Banks GT, Bros-Facer V, HP, Chia R, Achilli F, Bryson JB, Greensmith L,

Fisher EM.

Department of Neurodegenerative Disease, UCL Institute of Neurology, London, UK.

BACKGROUND: In humans, mutations in the enzyme glycyl-tRNA synthetase (GARS)

cause motor and sensory axon loss in the peripheral nervous system, and clinical

phenotypes ranging from Charcot-Marie-Tooth neuropathy to a severe infantile

form of spinal muscular atrophy. GARS is ubiquitously expressed and may have

functions in addition to its canonical role in protein synthesis through

catalyzing the addition of glycine to cognate tRNAs.
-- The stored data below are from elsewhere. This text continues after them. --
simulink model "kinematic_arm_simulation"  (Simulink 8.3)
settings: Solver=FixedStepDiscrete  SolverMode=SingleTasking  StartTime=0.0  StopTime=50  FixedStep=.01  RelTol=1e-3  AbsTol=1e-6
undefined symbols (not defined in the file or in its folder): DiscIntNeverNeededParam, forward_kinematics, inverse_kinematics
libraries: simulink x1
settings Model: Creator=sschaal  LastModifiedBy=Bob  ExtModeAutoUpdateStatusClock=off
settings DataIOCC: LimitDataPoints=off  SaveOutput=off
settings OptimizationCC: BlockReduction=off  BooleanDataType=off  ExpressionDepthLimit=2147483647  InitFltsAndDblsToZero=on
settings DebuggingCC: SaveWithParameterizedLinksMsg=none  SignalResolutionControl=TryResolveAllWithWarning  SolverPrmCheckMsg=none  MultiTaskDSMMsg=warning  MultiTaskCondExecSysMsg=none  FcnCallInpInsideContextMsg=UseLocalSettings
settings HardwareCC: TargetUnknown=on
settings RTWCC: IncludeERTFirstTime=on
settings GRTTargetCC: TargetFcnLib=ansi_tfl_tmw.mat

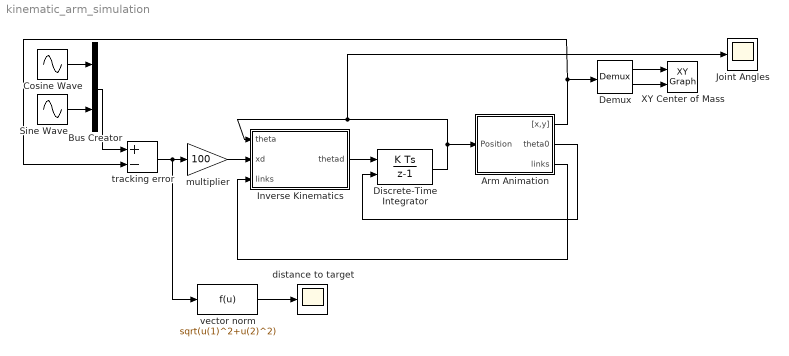
== system kinematic_arm_simulation ==
  Arm Animation : Subsystem  mask(ArmAnimation){links=[0.3 0.15 0.2 0.05], theta0=[-0.4302;0.149;0.3393; 0.4422], ts=.05}
      mask prompts: links "Link Lengths"; theta0 "Initial Posture"; ts "Sample time:"
  Bus Creator : BusCreator  Inputs=2
  Cosine Wave : Sin  Amplitude=.15  Bias=0.2  Frequency=pi/5  Phase=pi/2  SampleTime=0
  Demux : Demux  Outputs=2
  Discrete-Time Integrator : DiscreteIntegrator  InitialConditionSource=external  SampleTime=0.01  ICPrevOutput=DiscIntNeverNeededParam  ICPrevScaledInput=DiscIntNeverNeededParam
  Inverse Kinematics : Subsystem  mask(Inverse Kinematics){}
  Joint Angles : Scope
      settings: YMin=-2.5  YMax=17.5
  Sine Wave : Sin  Amplitude=.15  Frequency=pi/5  SampleTime=0
  XY Center of Mass : simulink/Sinks/XY Graph  xmin=-.5  xmax=.5  ymin=-.5  ymax=.5  st=-1
  distance to target : Scope
      settings: TickLabels=on  YMin=0.05  YMax=0.4
  multiplier : Gain  Gain=100  SaturateOnIntegerOverflow=on  OutDataTypeStr=Inherit: Same as input  ParamDataTypeStr=Inherit: Same as input
  tracking error : Sum  Inputs=+-  SaturateOnIntegerOverflow=on  InputSameDT=on  OutDataTypeStr=Inherit: Same as first input
  vector norm : Fcn  Expr=sqrt(u(1)^2+u(2)^2)
  wires:
  multiplier/1 -> Inverse Kinematics/2(xd)
  Inverse Kinematics/1(thetad) -> Discrete-Time Integrator/1
  Discrete-Time Integrator/1 -> Arm Animation/1(Position), Inverse Kinematics/1(theta), Joint Angles/1
  Demux/1 -> XY Center of Mass/1
  Demux/2 -> XY Center of Mass/2
  Arm Animation/3(links) -> Inverse Kinematics/3(links)
  Arm Animation/2(theta0) -> Discrete-Time Integrator/2
  Arm Animation/1("[x,y]") -> Demux/1, tracking error/2
  tracking error/1 -> multiplier/1, vector norm/1
  vector norm/1 -> distance to target/1
  Bus Creator/1 -> tracking error/1
  Cosine Wave/1 -> Bus Creator/1
  Sine Wave/1 -> Bus Creator/2

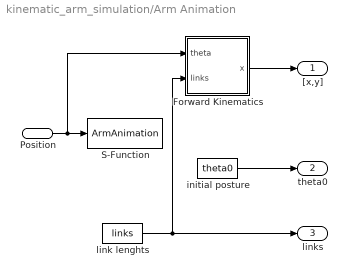
== system kinematic_arm_simulation/Arm Animation ==
  Position : Inport
  Forward Kinematics : Subsystem  mask(Forward Kinematics){}
  S-Function : S-Function  FunctionName=ArmAnimation  Parameters=ts,theta0,links  EnableBusSupport=off
  initial posture : Constant  Value=theta0
  link lenghts : Constant  Value=links
  "[x,y]" : Outport
  theta0 : Outport  Port=2
  links : Outport  Port=3
  wires:
  initial posture/1 -> theta0/1
  Position/1 -> S-Function/1, Forward Kinematics/1(theta)
  Forward Kinematics/1(x) -> "[x,y]"/1
  link lenghts/1 -> links/1, Forward Kinematics/2(links)

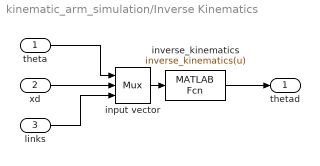
== system kinematic_arm_simulation/Inverse Kinematics ==
  theta : Inport
  xd : Inport  Port=2
  links : Inport  Port=3
  input vector : Mux  Inputs=3
  inverse_kinematics : MATLABFcn  MATLABFcn=inverse_kinematics(u)
  thetad : Outport  InitialOutput=0
  wires:
  theta/1 -> input vector/1
  xd/1 -> input vector/2
  input vector/1 -> inverse_kinematics/1
  links/1 -> input vector/3
  inverse_kinematics/1 -> thetad/1

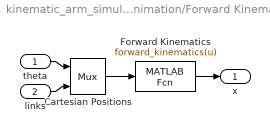
== system kinematic_arm_simulation/Arm Animation/Forward Kinematics ==
  theta : Inport
  links : Inport  Port=2
  Cartesian Positions : Mux  Inputs=2
  Forward Kinematics : MATLABFcn  MATLABFcn=forward_kinematics(u)  OutputDimensions=2
  x : Outport  InitialOutput=0
  wires:
  Forward Kinematics/1 -> x/1
  theta/1 -> Cartesian Positions/1
  links/1 -> Cartesian Positions/2
  Cartesian Positions/1 -> Forward Kinematics/1
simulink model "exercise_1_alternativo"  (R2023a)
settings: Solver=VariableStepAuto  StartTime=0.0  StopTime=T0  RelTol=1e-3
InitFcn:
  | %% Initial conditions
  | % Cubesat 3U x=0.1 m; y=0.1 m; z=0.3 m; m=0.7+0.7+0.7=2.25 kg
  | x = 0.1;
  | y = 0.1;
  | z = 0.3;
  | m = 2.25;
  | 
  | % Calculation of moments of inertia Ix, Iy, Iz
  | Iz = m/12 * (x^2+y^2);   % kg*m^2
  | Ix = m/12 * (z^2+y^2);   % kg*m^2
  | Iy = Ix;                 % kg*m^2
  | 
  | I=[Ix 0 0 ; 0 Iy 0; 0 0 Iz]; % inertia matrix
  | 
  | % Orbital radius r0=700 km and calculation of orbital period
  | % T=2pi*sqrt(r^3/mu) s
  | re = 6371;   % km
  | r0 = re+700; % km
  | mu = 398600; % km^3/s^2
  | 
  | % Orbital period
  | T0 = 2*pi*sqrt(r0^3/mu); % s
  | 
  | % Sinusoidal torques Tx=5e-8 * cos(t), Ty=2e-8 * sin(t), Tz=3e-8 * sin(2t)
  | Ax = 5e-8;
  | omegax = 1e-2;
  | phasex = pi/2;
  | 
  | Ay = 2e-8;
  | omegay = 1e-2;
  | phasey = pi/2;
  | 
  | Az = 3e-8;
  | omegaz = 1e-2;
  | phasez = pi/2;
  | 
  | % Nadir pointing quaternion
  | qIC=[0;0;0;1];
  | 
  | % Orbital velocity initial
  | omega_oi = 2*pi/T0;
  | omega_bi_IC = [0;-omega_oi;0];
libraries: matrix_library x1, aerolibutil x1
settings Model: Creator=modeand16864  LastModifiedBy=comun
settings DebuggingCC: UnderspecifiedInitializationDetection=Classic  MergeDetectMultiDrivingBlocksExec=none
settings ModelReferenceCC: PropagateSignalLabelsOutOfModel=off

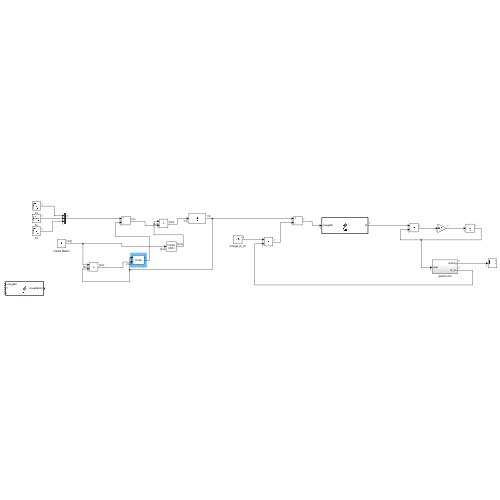
[thumbnail: Simulink's stored preview of the top-level diagram]
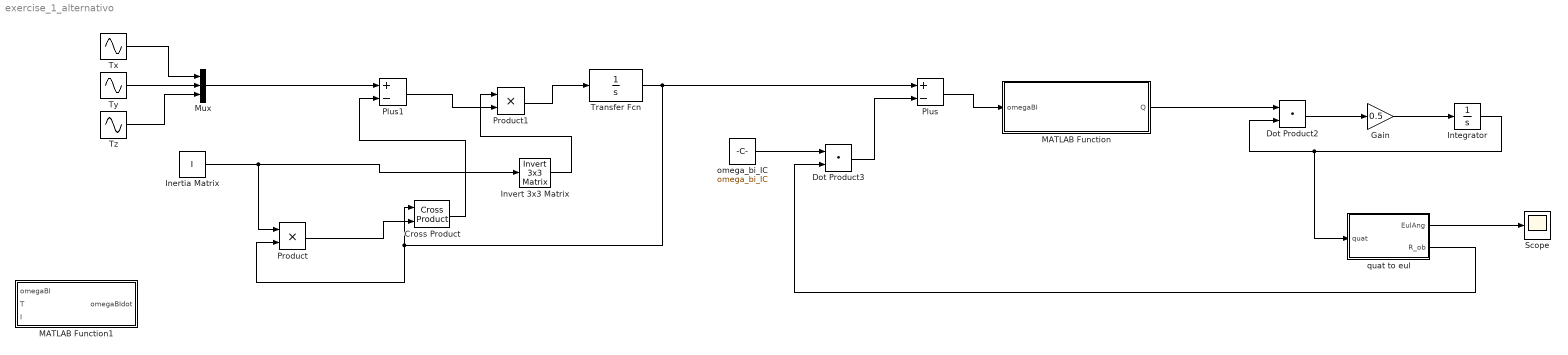
== system exercise_1_alternativo ==
  Cross Product : matrix_library/Cross Product
  Dot Product2 : DotProduct  OutDataTypeStr=Inherit: Inherit via internal rule
  Dot Product3 : DotProduct  OutDataTypeStr=Inherit: Inherit via internal rule
  Gain : Gain  Gain=0.5
  Inertia Matrix : Constant  Value=I
  Integrator : Integrator
  Invert 3x3 Matrix : aerolibutil/Invert  3x3 Matrix
  MATLAB Function : MATLAB Function  TreatAsAtomicUnit=on
  MATLAB Function1 : MATLAB Function  TreatAsAtomicUnit=on
  Mux : Mux  Inputs=3
  Plus : Sum  Inputs=+-
  Plus1 : Sum  Inputs=+-
  Product : Product
  Product1 : Product
  Scope : Scope
  Transfer Fcn : TransferFcn  Denominator=[1 0]
  Tx : Sin  Amplitude=Ax  Frequency=omegax  Phase=phasex  SampleTime=0
  Ty : Sin  Amplitude=Ay  Frequency=omegay  Phase=phasey  SampleTime=0
  Tz : Sin  Amplitude=Az  Frequency=omegaz  Phase=phasez  SampleTime=0
  omega_bi_IC : Constant  Value=omega_bi_IC
  quat to eul : Subsystem
  wires:
  MATLAB Function/1(Q) -> Dot Product2/1
  Gain/1 -> Integrator/1
  Dot Product3/1 -> Plus/2
  Plus/1 -> MATLAB Function/1(omegaBI)
  Dot Product2/1 -> Gain/1
  quat to eul/1(EulAng) -> Scope/1
  quat to eul/2(R_ob) -> Dot Product3/2
  Integrator/1 -> Dot Product2/2, quat to eul/1(quat)
  Transfer Fcn/1 -> Product/2, Cross Product/1, Plus/1
  omega_bi_IC/1 -> Dot Product3/1
  Inertia Matrix/1 -> Product/1, Invert 3x3 Matrix/1
  Tx/1 -> Mux/1
  Ty/1 -> Mux/2
  Tz/1 -> Mux/3
  Mux/1 -> Plus1/1
  Product/1 -> Cross Product/2
  Cross Product/1 -> Plus1/2
  Product1/1 -> Transfer Fcn/1
  Plus1/1 -> Product1/2
  Invert 3x3 Matrix/1 -> Product1/1

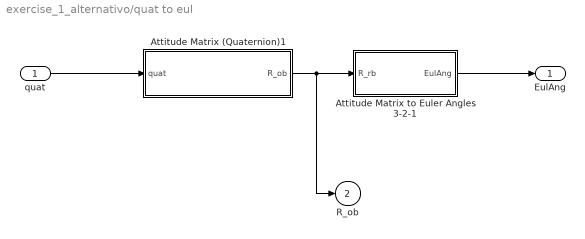
== system exercise_1_alternativo/quat to eul ==
  quat : Inport
  Attitude Matrix (Quaternion)1 : Subsystem
  Attitude Matrix to Euler Angles 3-2-1 : Subsystem
  EulAng : Outport  VectorParamsAs1DForOutWhenUnconnected=off
  R_ob : Outport  Port=2
  wires:
  Attitude Matrix to Euler Angles 3-2-1/1(EulAng) -> EulAng/1
  Attitude Matrix (Quaternion)1/1(R_ob) -> Attitude Matrix to Euler Angles 3-2-1/1(R_rb), R_ob/1
  quat/1 -> Attitude Matrix (Quaternion)1/1(quat)

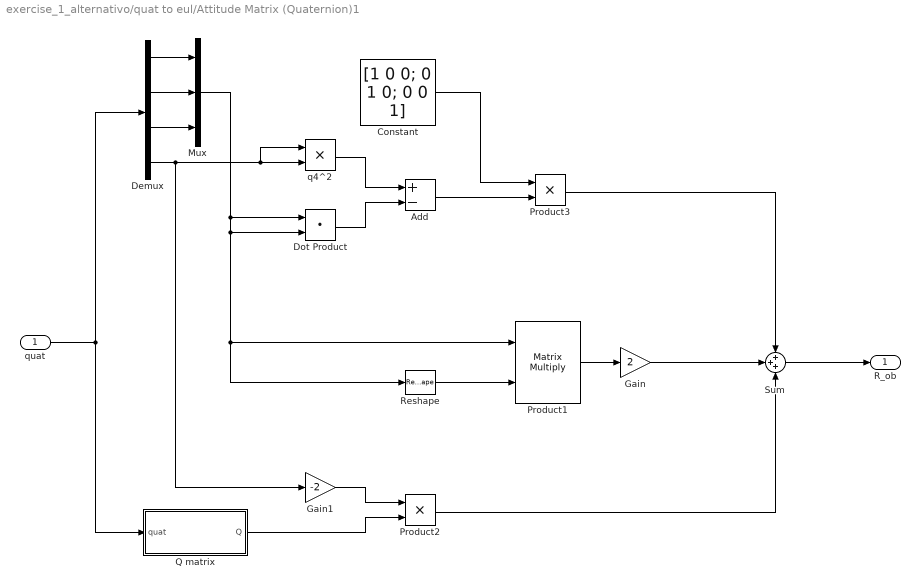
== system exercise_1_alternativo/quat to eul/Attitude Matrix (Quaternion)1 ==
  quat : Inport
  Add : Sum  Inputs=+-
  Constant : Constant  Value=[1 0 0; 0 1 0; 0 0 1]
  Demux : Demux
  Dot Product : DotProduct  OutDataTypeStr=Inherit: Inherit via internal rule
  Gain : Gain  Gain=2
  Gain1 : Gain  Gain=-2
  Mux : Mux  Inputs=3
  Product1 : Product  Multiplication=Matrix(*)  RndMeth=Zero
  Product2 : Product  RndMeth=Zero
  Product3 : Product  RndMeth=Zero
  Q matrix : Subsystem
  Reshape : Reshape  OutputDimensionality=Row vector (2-D)
  Sum : Sum  Inputs=+++
  q4^2 : Product  RndMeth=Zero
  R_ob : Outport  VectorParamsAs1DForOutWhenUnconnected=off
  wires:
  quat/1 -> Demux/1, Q matrix/1(quat)
  Demux/4 -> q4^2/2, q4^2/1, Gain1/1
  Reshape/1 -> Product1/2
  Product1/1 -> Gain/1
  Gain/1 -> Sum/2
  q4^2/1 -> Add/1
  Dot Product/1 -> Add/2
  Product2/1 -> Sum/3
  Add/1 -> Product3/2
  Sum/1 -> R_ob/1
  Constant/1 -> Product3/1
  Product3/1 -> Sum/1
  Demux/1 -> Mux/1
  Demux/2 -> Mux/2
  Demux/3 -> Mux/3
  Mux/1 -> Dot Product/1, Reshape/1, Product1/1, Dot Product/2
  Gain1/1 -> Product2/1
  Q matrix/1(Q) -> Product2/2

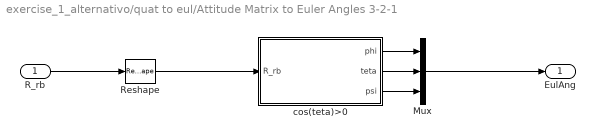
== system exercise_1_alternativo/quat to eul/Attitude Matrix to Euler Angles 3-2-1 ==
  R_rb : Inport
  Mux : Mux  Inputs=3
  Reshape : Reshape  OutputDimensionality=Column vector (2-D)
  cos(teta)>0 : Subsystem
  EulAng : Outport  VectorParamsAs1DForOutWhenUnconnected=off
  wires:
  cos(teta)>0/2(teta) -> Mux/2
  cos(teta)>0/1(phi) -> Mux/1
  cos(teta)>0/3(psi) -> Mux/3
  Mux/1 -> EulAng/1
  Reshape/1 -> cos(teta)>0/1(R_rb)
  R_rb/1 -> Reshape/1

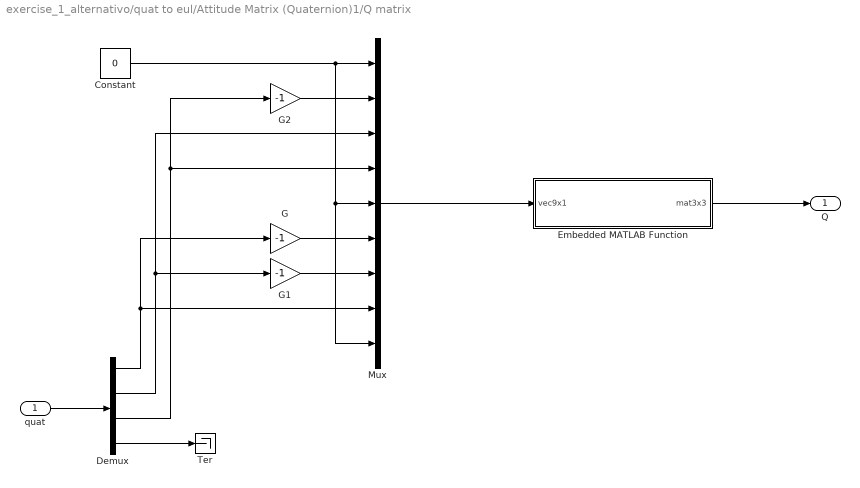
== system exercise_1_alternativo/quat to eul/Attitude Matrix (Quaternion)1/Q matrix ==
  quat : Inport
  Constant : Constant  Value=0
  Demux : Demux
  Embedded MATLAB Function : MATLAB Function  TreatAsAtomicUnit=on
  G : Gain  Gain=-1
  G1 : Gain  Gain=-1
  G2 : Gain  Gain=-1
  Mux : Mux  Inputs=9
  Ter : Terminator
  Q : Outport  VectorParamsAs1DForOutWhenUnconnected=off
  wires:
  Demux/4 -> Ter/1
  quat/1 -> Demux/1
  Constant/1 -> Mux/9, Mux/5, Mux/1
  Demux/1 -> G/1, Mux/8
  G1/1 -> Mux/7
  Demux/2 -> G1/1, Mux/3
  G/1 -> Mux/6
  G2/1 -> Mux/2
  Demux/3 -> G2/1, Mux/4
  Embedded MATLAB Function/1(mat3x3) -> Q/1
  Mux/1 -> Embedded MATLAB Function/1(vec9x1)

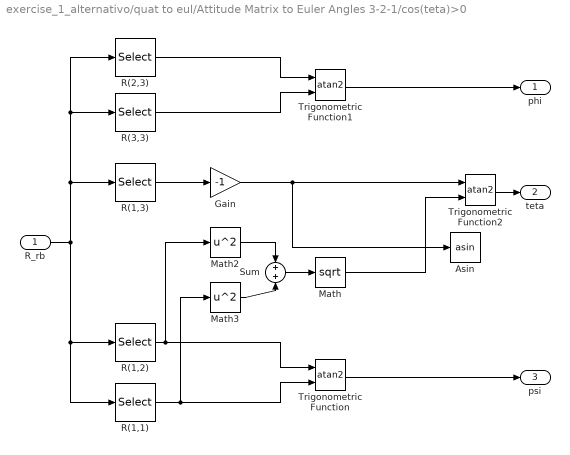
== system exercise_1_alternativo/quat to eul/Attitude Matrix to Euler Angles 3-2-1/cos(teta)>0 ==
  R_rb : Inport
  Asin : Trigonometry  Operator=asin
  Gain : Gain  Gain=-1
  Math : Math  Operator=sqrt  SignedPower=on
  Math2 : Math  Operator=square  SignedPower=on
  Math3 : Math  Operator=square  SignedPower=on
  R(1,1) : Selector  InputPortWidth=9  IndexOptions=Index vector (dialog)  Indices=[1]  OutputSizes=1
  R(1,2) : Selector  InputPortWidth=9  IndexOptions=Index vector (dialog)  Indices=[4]  OutputSizes=1
  R(1,3) : Selector  InputPortWidth=9  IndexOptions=Index vector (dialog)  Indices=[7]  OutputSizes=1
  R(2,3) : Selector  InputPortWidth=9  IndexOptions=Index vector (dialog)  Indices=[8]  OutputSizes=1
  R(3,3) : Selector  InputPortWidth=9  IndexOptions=Index vector (dialog)  Indices=[9]  OutputSizes=1
  Sum : Sum
  Trigonometric Function : Trigonometry  Operator=atan2
  Trigonometric Function1 : Trigonometry  Operator=atan2
  Trigonometric Function2 : Trigonometry  Operator=atan2
  phi : Outport  VectorParamsAs1DForOutWhenUnconnected=off
  teta : Outport  Port=2  VectorParamsAs1DForOutWhenUnconnected=off
  psi : Outport  Port=3  VectorParamsAs1DForOutWhenUnconnected=off
  wires:
  R_rb/1 -> R(1,1)/1, R(1,2)/1, R(1,3)/1, R(3,3)/1, R(2,3)/1
  R(1,2)/1 -> Trigonometric Function/1, Math2/1
  R(1,1)/1 -> Trigonometric Function/2, Math3/1
  R(2,3)/1 -> Trigonometric Function1/1
  R(3,3)/1 -> Trigonometric Function1/2
  R(1,3)/1 -> Gain/1
  Gain/1 -> Asin/1, Trigonometric Function2/1
  Math2/1 -> Sum/1
  Math3/1 -> Sum/2
  Sum/1 -> Math/1
  Math/1 -> Trigonometric Function2/2
  Trigonometric Function1/1 -> phi/1
  Trigonometric Function2/1 -> teta/1
  Trigonometric Function/1 -> psi/1

== matlab function exercise_1_alternativo/MATLAB Function ==
  data: omegaBI input; Q output
function Q = fcn(omegaBI)

Wbox = omegaBI(1);
Wboy = omegaBI(2);
Wboz = omegaBI(3);

Q=[0 Wboz -Wboy Wbox; -Wboz 0 Wbox Wboy; Wboy -Wbox 0 Wboz; -Wbox -Wboy -Wboz 0];

== matlab function exercise_1_alternativo/MATLAB Function1 ==
  data: omegaBI input; T input; I input; omegaBIdot output
function omegaBIdot = fcn(omegaBI, T, I)


omegaBIdot = I'*(T-cross(omegaBI, I*omegaBI));

== matlab function exercise_1_alternativo/quat to eul/Attitude Matrix (Quaternion)1/Q matrix/Embedded MATLAB Function ==
  data: vec9x1 input; mat3x3 output
function mat3x3 = vec2mat(vec9x1)
%#eml

s = size(vec9x1);

if s(1)>s(2)
    vec = vec9x1';
else
    vec = vec9x1;
end

mat3x3 = [vec(1:3); vec(4:6); vec(7:9)];

METHODOLOGY/PRINCIPAL FINDINGS: We have recently described a new mouse model

with a point mutation in the Gars gene resulting in a cysteine to arginine

change at residue 201. Heterozygous Gars(C201R/+) mice have locomotor and

sensory deficits. In an investigation of genetic mutations that lead to death of

motor and sensory neurons, we have crossed the Gars(C201R/+) mice to two other

mutants: the TgSOD1(G93A) model of human amyotrophic lateral sclerosis and the

Legs at odd angles mouse (Dync1h1(Loa)) which has a defect in the heavy chain of

the dynein complex. We found the Dync1h1(Loa/+);Gars(C201R/+) double

heterozygous mice are more impaired than either parent, and this is may be an

additive effect of both mutations. Surprisingly, the Gars(C201R) mutation

significantly delayed disease onset in the SOD1(G93A);Gars(C201R/+) double

heterozygous mutant mice and increased lifespan by 29% on the genetic background

investigated.

COONCLUSION/SIGNIFICANCE: These findings raise intriguing possibilities for the

study of pathogenetic mechanisms in all three mouse mutant strains.